Tuesday, August 16, 2011

Grandpa on the Lawn, Before and After

The treatments are finished!  This is the sixth in a 12-part series on selected conservation treatments of artwork and photographs.  "Preserving a Family Collection" concludes on August 31.
  
Theodore Carl Anderson, my grandfather, in the
early 1920s.

On the “June and Art” blog, I identified this photo as Theodore Anderson at Brown University in the early 1920s.  In retrospect, I could be wrong – he could just as easily be at home in Deep River, Connecticut or down south in Luray, Virginia, where he met and fell in love with Maud Clem.  Theodore and Maud were my maternal grandparents.

My grandfather mastered the dark room at an early age so it’s a very real possibility that this 8 x 10 enlargement may have been developed by him.  The image itself has held up fairly nicely over the past 80 years.

But I’m betting that he didn’t do the very sloppy framing job.  The print was mounted on a board and then the board was apparently cracked, possibly against the edge of a table, in order to tear it down to frame size.  Pen lines were drawn directly on the image surface to indicate the edges of the mat.  Then a polyvinyl acetate (PVA) white (or school) glue was smeared all over the portions of the image that would be covered by
the mat.  Finally, the mat was adhered directly to the image surface.

Eighty years later, the task of rescuing this poor, mistreated silver gelatin print fell to Barbara Lemmen, Senior Photograph Conservator at the Conservation Center for Art
Barb Lemmen using a heated
spatula to remove mat
fragments.
and Historic Artifacts.  Sometime in its history, the print had been removed from its frame and mat, leaving fragments of mat board and PVA residue along all four sides of the photo.  Barb pointed out that removing PVA can be a challenge since it is not easily softened.  She used a heated spatula to lift off many pieces of the mat board but had to leave some pieces where removal would have meant taking off some of the silver gelatin of the image.

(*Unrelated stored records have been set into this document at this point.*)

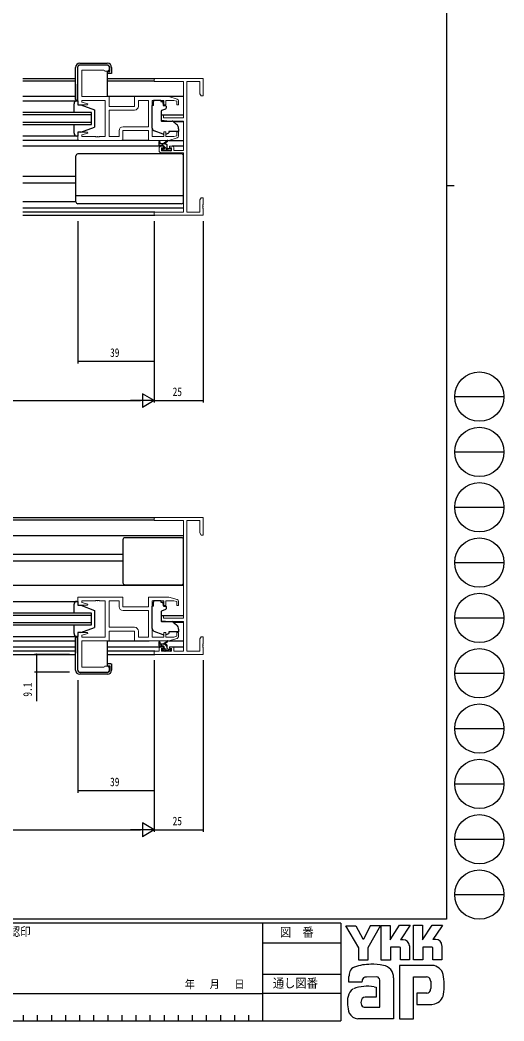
# Model space of a CAD drawing. Units: millimetres, scale not verified. Extents: x -567 to 567, y -403 to 403.
# Drawn here: x 319 to 567, y -403 to 109 of the extents above; entities that cross this region are included whole.
import ezdxf
from ezdxf.enums import TextEntityAlignment as Align

# ---------------------------------------------------------------- set-up
doc = ezdxf.new("R2010")
doc.units = ezdxf.units.MM
doc.header["$LTSCALE"] = 2
doc.layers.add('0-2_YKK_11', color=7, linetype='Continuous', lineweight=18)
for name, color, linetype in [('0-3_YKK_12', 2, 'Continuous'), ('0-4_YKK_13', 4, 'Continuous'), ('0-6_YKK_D', 6, 'Continuous'), ('0-7_YKK_ZWAK', 7, 'Continuous')]:
    doc.layers.add(name, color=color, linetype=linetype)
doc.styles.add('ＭＳ ゴシック', font='')
doc.styles.get('ＭＳ ゴシック').set_extended_font_data('MS Gothic')

msp = doc.modelspace()

# ---------------------------------------------------------------- linework, layer by layer
at = {"layer": '0-2_YKK_11'}
for p, q in [((349.885, 85.507), (363.885, 85.507)), ((364.885, 84.507), (364.885, 83.507)), ((390.385, 41.807), (390.385, 43.107)), ((384.955, -206.774), (384.955, -193.234)), ((349.885, -224.704), (363.885, -224.704)), ((364.885, -223.704), (364.885, -222.704))]:
    msp.add_line(p, q, dxfattribs=at)
for points in [[(371.885, 47.107), (348.885, 47.107), (348.885, 51.307), (353.846, 51.307), (353.914, 50.784), (350.815, 49.954), (350.815, 49.037), (357.927, 49.037), (358.11, 48.917), (358.66, 48.917), (358.843, 49.037), (358.927, 49.037), (359.11, 48.917), (359.66, 48.917), (359.843, 49.037), (362.885, 49.037), (362.885, 67.577), (350.815, 67.577), (350.815, 66.66), (353.914, 65.829), (353.846, 65.307), (348.885, 65.307), (348.885, 84.507)], [(363.885, 82.507), (362.685, 82.507), (362.385, 82.807), (362.185, 83.007), (350.815, 83.007), (350.815, 69.507), (364.885, 69.507), (364.885, 64.507), (377.885, 64.507), (377.885, 69.507), (395.385, 69.507), (399.672, 68.221)], [(397.985, 43.107), (397.985, 42.007), (402.885, 42.007), (402.885, 57.007), (395.885, 57.007), (391.385, 57.4), (391.385, 60.007), (392.585, 60.007), (392.585, 58.707), (402.885, 58.707), (402.885, 77.177), (387.885, 77.177), (387.885, 78.807), (412.885, 78.807), (412.885, 69.807), (411.885, 69.807), (411.255, 70.898), (411.255, 77.177), (404.515, 77.177)], [(404.515, 77.177), (404.515, 10.437), (411.255, 10.437), (411.255, 16.716), (411.885, 17.807), (412.885, 17.807), (412.885, 14.265), (412.765, 14.082), (412.765, 13.532), (412.885, 13.349), (412.885, 13.265), (412.765, 13.082), (412.765, 12.532), (412.885, 12.349), (412.885, 8.807), (387.885, 8.807), (387.885, 10.437), (402.885, 10.437), (402.885, 40.807), (391.385, 40.807)], [(384.955, 67.577), (384.955, 54.037), (371.955, 54.037)], [(379.815, 64.577), (379.815, 67.577), (384.955, 67.577), (384.955, 54.037)], [(400.385, 67.263), (400.385, 65.207), (399.385, 65.207), (399.385, 67.158), (397.99, 67.577), (393.785, 67.577), (393.785, 65.207), (392.785, 65.207), (392.785, 67.577), (386.885, 67.577), (386.885, 49.037), (392.785, 49.037), (392.785, 51.407), (393.785, 51.407), (393.785, 49.037), (397.99, 49.037), (399.385, 49.455), (399.385, 51.407), (400.385, 51.407), (400.385, 49.351)], [(369.955, 52.037), (369.955, 49.037), (364.885, 49.037), (364.885, 62.577), (377.815, 62.577)], [(399.672, 48.393), (395.385, 47.107), (384.885, 47.107), (384.885, 52.107), (371.885, 52.107), (371.885, 47.107)], [(391.385, 44.107), (392.685, 44.107), (392.685, 43.307), (391.585, 43.307), (391.585, 41.807), (396.785, 41.807), (396.785, 43.307), (395.685, 43.307), (395.685, 44.107), (396.985, 44.107)], [(404.515, -213.974), (404.515, -147.234), (411.255, -147.234), (411.255, -153.513), (411.885, -154.604), (412.885, -154.604), (412.885, -145.604), (387.885, -145.604), (387.885, -147.234), (402.885, -147.234), (402.885, -197.104), (392.585, -197.104), (392.585, -195.804), (391.385, -195.804), (391.385, -198.41), (395.885, -198.804), (402.885, -198.804), (402.885, -213.974), (397.985, -213.974), (397.985, -212.704)], [(371.885, -186.304), (348.885, -186.304), (348.885, -190.504), (353.846, -190.504), (353.914, -189.981), (350.815, -189.151), (350.815, -188.234), (357.927, -188.234), (358.11, -188.114), (358.66, -188.114), (358.843, -188.234), (358.927, -188.234), (359.11, -188.114), (359.66, -188.114), (359.843, -188.234), (362.885, -188.234), (362.885, -206.774), (350.815, -206.774), (350.815, -205.857), (353.914, -205.026), (353.846, -204.504), (348.885, -204.504), (348.885, -223.704)], [(369.955, -191.234), (369.955, -188.234), (364.885, -188.234), (364.885, -201.774), (377.815, -201.774)], [(399.672, -187.59), (395.385, -186.304), (384.885, -186.304), (384.885, -191.304), (371.885, -191.304), (371.885, -186.304)], [(400.385, -206.46), (400.385, -204.404), (399.385, -204.404), (399.385, -206.355), (397.99, -206.774), (393.785, -206.774), (393.785, -204.404), (392.785, -204.404), (392.785, -206.774), (386.885, -206.774), (386.885, -188.234), (392.785, -188.234), (392.785, -190.604), (393.785, -190.604), (393.785, -188.234), (397.99, -188.234), (399.385, -188.652), (399.385, -190.604), (400.385, -190.604), (400.385, -188.548)], [(384.955, -206.774), (384.955, -193.234), (371.955, -193.234)], [(363.885, -221.704), (362.685, -221.704), (362.385, -222.004), (362.185, -222.204), (350.815, -222.204), (350.815, -208.704), (364.885, -208.704), (364.885, -203.704), (377.885, -203.704), (377.885, -208.704), (395.385, -208.704), (399.672, -207.418)], [(379.815, -203.774), (379.815, -206.774), (384.955, -206.774)], [(390.385, -212.704), (390.385, -213.974), (387.885, -213.974), (387.885, -215.604), (412.885, -215.604), (412.885, -212.062), (412.765, -211.879), (412.765, -211.329), (412.885, -211.145), (412.885, -211.062), (412.765, -210.879), (412.765, -210.329), (412.885, -210.145), (412.885, -206.604), (411.885, -206.604), (411.255, -207.695), (411.255, -213.974), (404.515, -213.974)], [(396.985, -211.704), (395.685, -211.704), (395.685, -212.504), (396.785, -212.504), (396.785, -213.974), (391.585, -213.974), (391.585, -212.504), (392.685, -212.504), (392.685, -211.704), (391.385, -211.704)]]:
    msp.add_lwpolyline(points, dxfattribs=at)
for centre, radius, start, end in [((349.885, 84.507), 1, 90.00001, 179.99999), ((363.885, 84.507), 1, 0.00001, 89.99999), ((363.885, 83.507), 1, 270.00001, 359.99999), ((399.385, 67.263), 1, 359.99996, 73.30074), ((377.815, 64.577), 2, 270.00001, 359.99999), ((371.955, 52.037), 2, 90.00001, 179.99999), ((399.385, 49.351), 1, 286.69926, 0.00004), ((391.385, 43.107), 1, 90.00001, 179.99999), ((391.385, 41.807), 1, 180.00001, 269.99999), ((396.985, 43.107), 1, 0.00001, 89.99999), ((399.385, -188.548), 1, 359.99996, 73.30074), ((371.955, -191.234), 2, 180.00001, 269.99999), ((377.815, -203.774), 2, 0.00001, 89.99999), ((399.385, -206.46), 1, 286.69926, 0.00004), ((391.385, -212.704), 1, 90.00001, 179.99999), ((396.985, -212.704), 1, 0.00001, 89.99999), ((349.885, -223.704), 1, 180.00001, 269.99999), ((363.885, -222.704), 1, 0.00001, 89.99999), ((363.885, -223.704), 1, 270.00001, 359.99999)]:
    msp.add_arc(centre, radius, start, end, dxfattribs=at)
at = {"layer": '0-3_YKK_12'}
for p, q in [((320.76, 78.807), (347.611, 78.807)), ((347.611, 77.407), (320.76, 77.407)), ((363.911, 78.807), (388.185, 78.807)), ((387.893, 77.407), (363.911, 77.407)), ((347.611, 69.507), (320.76, 69.507)), ((402.885, 69.507), (364.385, 69.507)), ((355.885, 61.307), (320.76, 61.307)), ((320.76, 60.307), (355.885, 60.307)), ((355.885, 56.307), (320.76, 56.307)), ((355.885, 55.307), (355.885, 61.307)), ((402.885, 60.007), (391.385, 60.007)), ((402.885, 56.607), (397.762, 56.607)), ((320.76, 55.307), (355.885, 55.307)), ((349.385, 47.107), (320.76, 47.107)), ((391.385, 44.107), (320.76, 44.107)), ((402.885, 44.107), (396.985, 44.107)), ((347.885, 28.607), (320.76, 28.607)), ((347.885, 25.207), (320.76, 25.207)), ((320.76, 12.707), (402.885, 12.707)), ((388.185, 10.437), (320.76, 10.437)), ((320.76, 8.807), (388.185, 8.807)), ((258.385, -145.604), (388.185, -145.604)), ((387.885, -147.004), (258.385, -147.004)), ((258.385, -154.904), (402.885, -154.904)), ((258.385, -164.404), (371.885, -164.404)), ((258.385, -167.804), (371.885, -167.804)), ((258.385, -180.304), (402.885, -180.304)), ((355.885, -194.504), (251.385, -194.504)), ((251.385, -195.504), (355.885, -195.504)), ((355.885, -199.504), (251.385, -199.504)), ((355.885, -200.504), (355.885, -194.504)), ((391.385, -195.804), (402.885, -195.804)), ((397.762, -199.204), (402.885, -199.204)), ((251.385, -200.504), (355.885, -200.504)), ((258.385, -208.704), (347.62, -208.704)), ((258.385, -211.704), (347.62, -211.704)), ((347.62, -213.974), (258.385, -213.974)), ((363.92, -211.704), (391.385, -211.704)), ((388.185, -213.974), (363.92, -213.974)), ((396.985, -211.704), (402.885, -211.704)), ((258.385, -215.604), (347.62, -215.604)), ((363.92, -215.604), (388.185, -215.604))]:
    msp.add_line(p, q, dxfattribs=at)
at = {"layer": '0-4_YKK_13'}
for p, q in [((347.611, 68.007), (347.611, 84.407)), ((348.659, 84.417), (348.511, 67.507)), ((349.811, 86.607), (363.911, 86.607)), ((363.911, 85.607), (349.859, 85.607)), ((363.911, 82.307), (365.111, 82.307)), ((363.911, 82.307), (363.911, 69.507)), ((365.111, 82.307), (365.111, 84.407)), ((366.111, 84.407), (366.111, 81.307)), ((365.611, 81.307), (363.911, 81.307)), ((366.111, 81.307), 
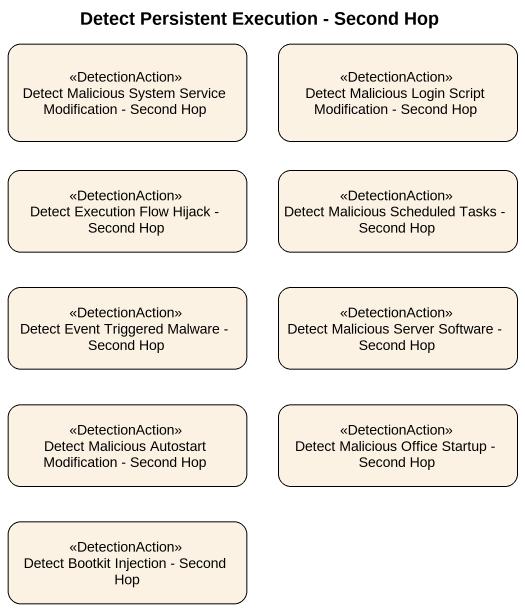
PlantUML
@startuml
title Detect Persistent Execution - Second Hop
hide empty description
state "Detect Malicious System Service Modification - Second Hop" as Detect_Malicious_System <<DetectionAction>>
state "Detect Malicious Login Script Modification - Second Hop" as Detect_Malicious_Login <<DetectionAction>>
state "Detect Execution Flow Hijack - Second Hop" as Detect_Execution_Flow <<DetectionAction>>
state "Detect Malicious Scheduled Tasks - Second Hop" as Detect_Malicious_Scheduled <<DetectionAction>>
state "Detect Event Triggered Malware - Second Hop" as Detect_Event_Triggered <<DetectionAction>>
state "Detect Malicious Server Software - Second Hop" as Detect_Malicious_Server <<DetectionAction>>
state "Detect Malicious Autostart Modification - Second Hop" as Detect_Malicious_Autostart <<DetectionAction>>
state "Detect Malicious Office Startup - Second Hop" as Detect_Malicious_Office <<DetectionAction>>
state "Detect Bootkit Injection - Second Hop" as Detect_Bootkit_Injection <<DetectionAction>>
@enduml

Barb commented that the image itself has changed over time – but not necessarily in a bad way.  Originally, she said, it would have been a crisply detailed black-and-white image.  However, partly because of the acidic board it was mounted on, the colors have deteriorated to these sepia and greenish-yellow tones.  Details have been lost in the face and hands, and Barb ventured that the background has probably lost clarity, as well.  But we both agreed that these changes have added a certain degree of charm, creating an effect as if we are looking at the photo across the mists of time.


Photograph of Theodore Carl Anderson, before treatment.

Photograph of Theodore Carl Anderson, after treatment.